WASHINGTON (AP) – Beginning in about a year, phone companies won’t have to lease their high-speed lines to competing Internet service providers at government-set rates, the Federal Communications Commission decided Friday.

FCC Chairman Kevin Martin said the unanimous vote by the agency’s four commissioners “ends the regulatory inequities that currently exist between cable and telephone companies” providing broadband services.

Without guaranteed access at government-mandated rates, providers of digital service, or DSL, on lines now leased from the big regional Bells or smaller phone companies will have to negotiate for rates and access.

Consumer advocates criticized the deregulation – which will take effect after a one-year period – contending it will lead to fewer choices and higher prices for consumers by forcing existing independent broadband providers out of the market.

“What it means is you’ve got two players, two big market players – cable and telephone companies – controlling right now the primary two types of broadband service into the home,” said Jeannine Kenney, senior policy analyst for Consumers Union, the publisher of Consumer Reports magazine.

She said consumers may soon be forced into longer-term contracts and arrangements where they have to buy additional services to get high-speed Internet.

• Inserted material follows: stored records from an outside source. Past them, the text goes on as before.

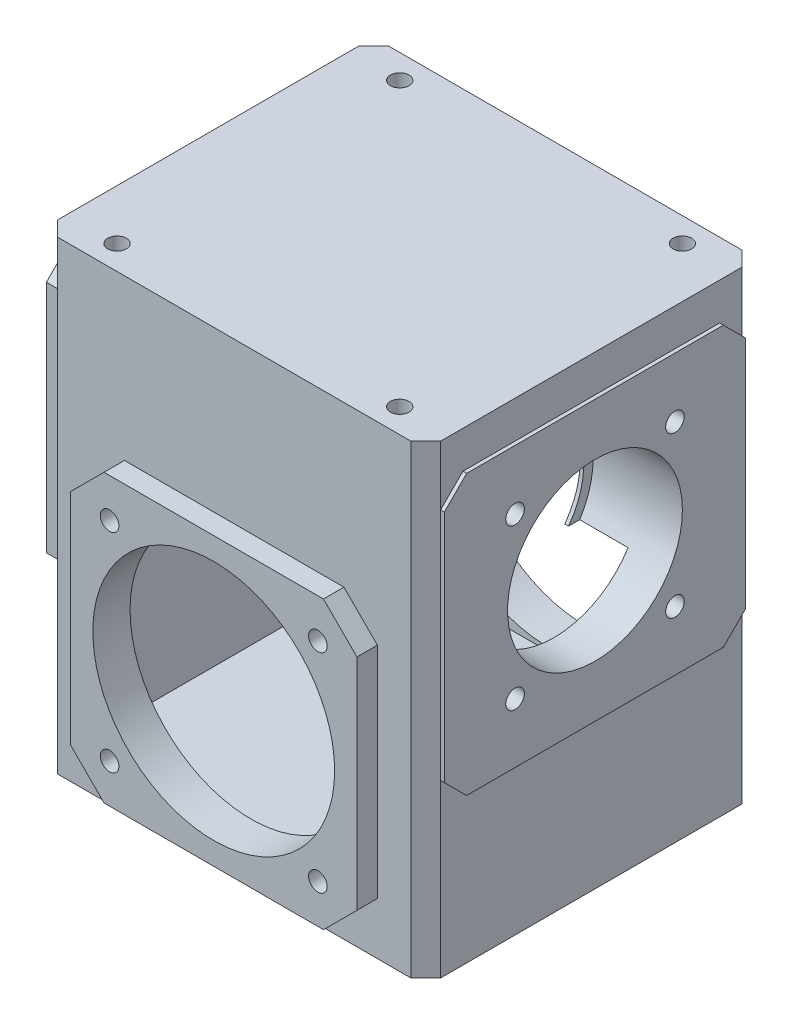
from build123d import *

# Parameters (mm, degrees)
EXTRUDE1_DEPTH             = 125
EXTRUDE2_DEPTH             = 5.5
EXTRUDE3_DEPTH             = 5.5
SKETCH4_R                  = 32.5
EXTRUDE5_DEPTH             = 101
EXTRUDE7_DEPTH             = 80
SKETCH7_R                  = 2.5
EXTRUDE9_DEPTH             = 15
LPATTERN1_COUNT            = 2
LPATTERN1_PITCH            = 56
LPATTERN2_COUNT            = 2
LPATTERN2_PITCH            = 56
LPATTERN2_COPY_1_SKETCH_R  = 2.5
LPATTERN2_COPY_1_DEPTH     = 15
EXTRUDE10_DEPTH            = 1
EXTRUDE11_DEPTH            = 3
SKETCH10_R                 = 23.5
EXTRUDE12_DEPTH            = 24
SKETCH11_R                 = 21
EXTRUDE13_DEPTH            = 84
SKETCH12_R                 = 23.5
EXTRUDE14_DEPTH            = 24
SKETCH13_R                 = 2.5
EXTRUDE15_DEPTH            = 20
LPATTERN3_COUNT            = 2
LPATTERN3_PITCH            = 43
LPATTERN4_COUNT            = 2
LPATTERN4_PITCH            = 43
LPATTERN4_COPY_1_SKETCH_R  = 2.5
LPATTERN4_COPY_1_DEPTH     = 20
SKETCH14_R                 = 2.5
EXTRUDE16_DEPTH            = 20
LPATTERN5_COUNT            = 2
LPATTERN5_PITCH            = 76
LPATTERN6_COUNT            = 2
LPATTERN6_PITCH            = 76
LPATTERN6_COPY_1_SKETCH_R  = 2.5
LPATTERN6_COPY_1_DEPTH     = 20
SKETCH15_R                 = 2.5
EXTRUDE17_DEPTH            = 20
LPATTERN7_COUNT            = 2
LPATTERN7_PITCH            = 76
LPATTERN8_COUNT            = 2
LPATTERN8_PITCH            = 76
LPATTERN8_COPY_1_SKETCH_R  = 2.5
LPATTERN8_COPY_1_DEPTH     = 20
SKETCH18_R                 = 2.5
EXTRUDE20_DEPTH            = 20
LPATTERN9_COUNT            = 2
LPATTERN9_PITCH            = 56
LPATTERN10_COUNT           = 2
LPATTERN10_PITCH           = 56
LPATTERN10_COPY_1_SKETCH_R = 2.5
LPATTERN10_COPY_1_DEPTH    = 20


with BuildPart() as part:
    # Sketch1 → Extrude1 (new body)
    with BuildSketch(Plane(origin=(0, 0, 0), x_dir=(1, 0, 0), z_dir=(0, 1, 0))):
        Polygon((0, 0), (0, 81), (4, 85), (99, 85), (103, 81), (103, 0), (99, -4), (4, -4), align=None)
    extrude(amount=EXTRUDE1_DEPTH)

    # Sketch2 → Extrude2 (add)
    with BuildSketch(Plane.XY.offset(4)):
        Polygon((22, 82), (81, 82), (90, 73), (90, 14), (81, 5), (22, 5), (13, 14), (13, 73), align=None)
    extrude(amount=EXTRUDE2_DEPTH)

    # Sketch3 → Extrude3 (add)
    with BuildSketch(Plane(origin=(0, 0, -85), x_dir=(-1, 0, 0), z_dir=(0, 0, -1))):
        Polygon((-81, 82), (-22, 82), (-13, 73), (-13, 14), (-22, 5), (-81, 5), (-90, 14), (-90, 73), align=None)
    extrude(amount=EXTRUDE3_DEPTH)

    # Sketch4 → Extrude5 (cut, through all)
    with BuildSketch(Plane.XY.offset(9.5)):
        with Locations((51.5, 43.5)):
            Circle(SKETCH4_R)
    extrude(amount=-EXTRUDE5_DEPTH, mode=Mode.SUBTRACT)

    # Sketch5 → Extrude7 (cut)
    with BuildSketch(Plane.XY.offset(-0.5)):
        Polygon((10, 10), (93, 10), (93, 65), (79, 65), (79, 110), (24, 110), (24, 65), (10, 65), align=None)
    extrude(amount=-EXTRUDE7_DEPTH, mode=Mode.SUBTRACT)

    # Sketch7 → Extrude9 (cut)
    with BuildSketch(Plane.XY.offset(9.5)):
        with Locations((23.5, 71.5)):
            Circle(SKETCH7_R)
    extrude9 = extrude(amount=-EXTRUDE9_DEPTH, mode=Mode.SUBTRACT)

    # LPattern1: Extrude9 ×2
    with Locations(*[(i * LPATTERN1_PITCH, 0, 0) for i in range(1, LPATTERN1_COUNT)]):
        add(extrude9, mode=Mode.SUBTRACT)

    # LPattern2: Extrude9 ×2
    with Locations(*[(0, -i * LPATTERN2_PITCH, 0) for i in range(1, LPATTERN2_COUNT)]):
        add(extrude9, mode=Mode.SUBTRACT)

    # LPattern2 copy 1 sketch → LPattern2 copy 1 (cut)
    with BuildSketch(Plane(origin=(56, -56, 9.5), x_dir=(1, 0, 0), z_dir=(0, 0, 1))):
        with Locations((23.5, 71.5)):
            Circle(LPATTERN2_COPY_1_SKETCH_R)
    extrude(amount=-LPATTERN2_COPY_1_DEPTH, mode=Mode.SUBTRACT)

    # Sketch8 → Extrude10 (add)
    with BuildSketch(Plane(origin=(103, 0, 0), x_dir=(0, 0, -1), z_dir=(1, 0, 0))):
        Polygon((6, 115), (75, 115), (81, 109), (81, 46), (75, 40), (6, 40), (0, 46), (0, 109), align=None)
    extrude(amount=EXTRUDE10_DEPTH)

    # Sketch9 → Extrude11 (add)
    with BuildSketch(Plane.ZY):
        Polygon((-75, 115), (-6, 115), (0, 109), (0, 46), (-6, 40), (-75, 40), (-81, 46), (-81, 109), align=None)
    extrude(amount=EXTRUDE11_DEPTH)

    # Sketch10 → Extrude12 (cut)
    with BuildSketch(Plane(origin=(104, 0, 0), x_dir=(0, 0, -1), z_dir=(1, 0, 0))):
        with Locations((40.5, 77.5)):
            Circle(SKETCH10_R)
    extrude(amount=-EXTRUDE12_DEPTH, mode=Mode.SUBTRACT)

    # Sketch11 → Extrude13 (cut, through all)
    with BuildSketch(Plane(origin=(80, 0, 0), x_dir=(0, 0, -1), z_dir=(1, 0, 0))):
        with Locations((40.5, 77.5)):
            Circle(SKETCH11_R)
    extrude(amount=-EXTRUDE13_DEPTH, mode=Mode.SUBTRACT)

    # Sketch12 → Extrude14 (cut)
    with BuildSketch(Plane.ZY.offset(3)):
        with Locations((-40.5, 77.5)):
            Circle(SKETCH12_R)
    extrude(amount=-EXTRUDE14_DEPTH, mode=Mode.SUBTRACT)

    # Sketch13 → Extrude15 (cut)
    with BuildSketch(Plane(origin=(104, 0, 0), x_dir=(0, 0, -1), z_dir=(1, 0, 0))):
        with Locations((19, 99)):
            Circle(SKETCH13_R)
    extrude15 = extrude(amount=-EXTRUDE15_DEPTH, mode=Mode.SUBTRACT)

    # LPattern3: Extrude15 ×2
    with Locations(*[(0, 0, -i * LPATTERN3_PITCH) for i in range(1, LPATTERN3_COUNT)]):
        add(extrude15, mode=Mode.SUBTRACT)

    # LPattern4: Extrude15 ×2
    with Locations(*[(0, -i * LPATTERN4_PITCH, 0) for i in range(1, LPATTERN4_COUNT)]):
        add(extrude15, mode=Mode.SUBTRACT)

    # LPattern4 copy 1 sketch → LPattern4 copy 1 (cut)
    with BuildSketch(Plane(origin=(104, -43, -43), x_dir=(0, 0, -1), z_dir=(1, 0, 0))):
        with Locations((19, 99)):
            Circle(LPATTERN4_COPY_1_SKETCH_R)
    extrude(amount=-LPATTERN4_COPY_1_DEPTH, mode=Mode.SUBTRACT)

    # Sketch14 → Extrude16 (cut)
    with BuildSketch(Plane(origin=(0, 125, 0), x_dir=(1, 0, 0), z_dir=(0, 1, 0))):
        with Locations((13.5, 78.5)):
            Circle(SKETCH14_R)
    extrude16 = extrude(amount=-EXTRUDE16_DEPTH, mode=Mode.SUBTRACT)

    # LPattern5: Extrude16 ×2
    with Locations(*[(i * LPATTERN5_PITCH, 0, 0) for i in range(1, LPATTERN5_COUNT)]):
        add(extrude16, mode=Mode.SUBTRACT)

    # LPattern6: Extrude16 ×2
    with Locations(*[(0, 0, i * LPATTERN6_PITCH) for i in range(1, LPATTERN6_COUNT)]):
        add(extrude16, mode=Mode.SUBTRACT)

    # LPattern6 copy 1 sketch → LPattern6 copy 1 (cut)
    with BuildSketch(Plane(origin=(76, 125, 76), x_dir=(1, 0, 0), z_dir=(0, 1, 0))):
        with Locations((13.5, 78.5)):
            Circle(LPATTERN6_COPY_1_SKETCH_R)
    extrude(amount=-LPATTERN6_COPY_1_DEPTH, mode=Mode.SUBTRACT)

    # Sketch15 → Extrude17 (cut)
    with BuildSketch(Plane.XZ):
        with Locations((13.5, -2.5)):
            Circle(SKETCH15_R)
    extrude17 = extrude(amount=-EXTRUDE17_DEPTH, mode=Mode.SUBTRACT)

    # LPattern7: Extrude17 ×2
    with Locations(*[(i * LPATTERN7_PITCH, 0, 0) for i in range(1, LPATTERN7_COUNT)]):
        add(extrude17, mode=Mode.SUBTRACT)

    # LPattern8: Extrude17 ×2
    with Locations(*[(0, 0, -i * LPATTERN8_PITCH) for i in range(1, LPATTERN8_COUNT)]):
        add(extrude17, mode=Mode.SUBTRACT)

    # LPattern8 copy 1 sketch → LPattern8 copy 1 (cut)
    with BuildSketch(Plane(origin=(76, 0, -76), x_dir=(1, 0, 0), z_dir=(0, -1, 0))):
        with Locations((13.5, -2.5)):
            Circle(LPATTERN8_COPY_1_SKETCH_R)
    extrude(amount=-LPATTERN8_COPY_1_DEPTH, mode=Mode.SUBTRACT)

    # Sketch18 → Extrude20 (cut)
    with BuildSketch(Plane(origin=(0, 0, -90.5), x_dir=(-1, 0, 0), z_dir=(0, 0, -1))):
        with Locations((-79.5, 71.5)):
            Circle(SKETCH18_R)
    extrude20 = extrude(amount=-EXTRUDE20_DEPTH, mode=Mode.SUBTRACT)

    # LPattern9: Extrude20 ×2
    with Locations(*[(-i * LPATTERN9_PITCH, 0, 0) for i in range(1, LPATTERN9_COUNT)]):
        add(extrude20, mode=Mode.SUBTRACT)

    # LPattern10: Extrude20 ×2
    with Locations(*[(0, -i * LPATTERN10_PITCH, 0) for i in range(1, LPATTERN10_COUNT)]):
        add(extrude20, mode=Mode.SUBTRACT)

    # LPattern10 copy 1 sketch → LPattern10 copy 1 (cut)
    with BuildSketch(Plane(origin=(-56, -56, -90.5), x_dir=(-1, 0, 0), z_dir=(0, 0, -1))):
        with Locations((-79.5, 71.5)):
            Circle(LPATTERN10_COPY_1_SKETCH_R)
    extrude(amount=-LPATTERN10_COPY_1_DEPTH, mode=Mode.SUBTRACT)


solid = part.part

However, Tom Tauke, Verizon’s executive vice president, said the deregulation “will be very smooth and consumers will not notice except that over time they will have more services and better value.”

Earthlink Inc., which now provides service on leased lines, said it hopes to extend its current network sharing agreements with phone companies and does not expect to get bumped or priced off the lines.

“We drive subscribers to their network, so they have a vested interest in keeping reasonable market prices,” said Dave Baker, Earthlink Inc.’s vice president for law and public policy.

Indeed, the ruling’s early impact on the market may be somewhat negligible to all but some smaller DSL service providers.

The vast majority of the nation’s nearly 16 million DSL users buy that service directly from the four Bells: SBC Communications Inc., Verizon, BellSouth Corp., and Qwest Communications International Inc.

The biggest non-Bell providers of DSL service, Covad Communications Group, Inc., had already agreed to commercial leasing contracts with three of the four Bells. Earthlink, for example, buys much of its network access through Covad.

The FCC order follows a Supreme Court ruling in June that upheld the commission’s authority to free cable companies offering broadband from the same regulations that phone companies have faced.

The telephone industry argued that the court’s decision put it at a competitive disadvantage and that it should be treated the same as the cable companies.

Two Democrats on the commission fought for other points in the ruling, including continued help for rural Internet access, a homeland security provision to help law enforcement and a protections for the disabled.

The FCC ruling reclassified DSL as an information service rather than the more regulated telecommunications service. For the time being, phone companies will have to continue making contributions to Universal Service Fund that subsidizes both phone and Internet services in rural areas. The FCC said that could change in nine months, but the fund will be maintained.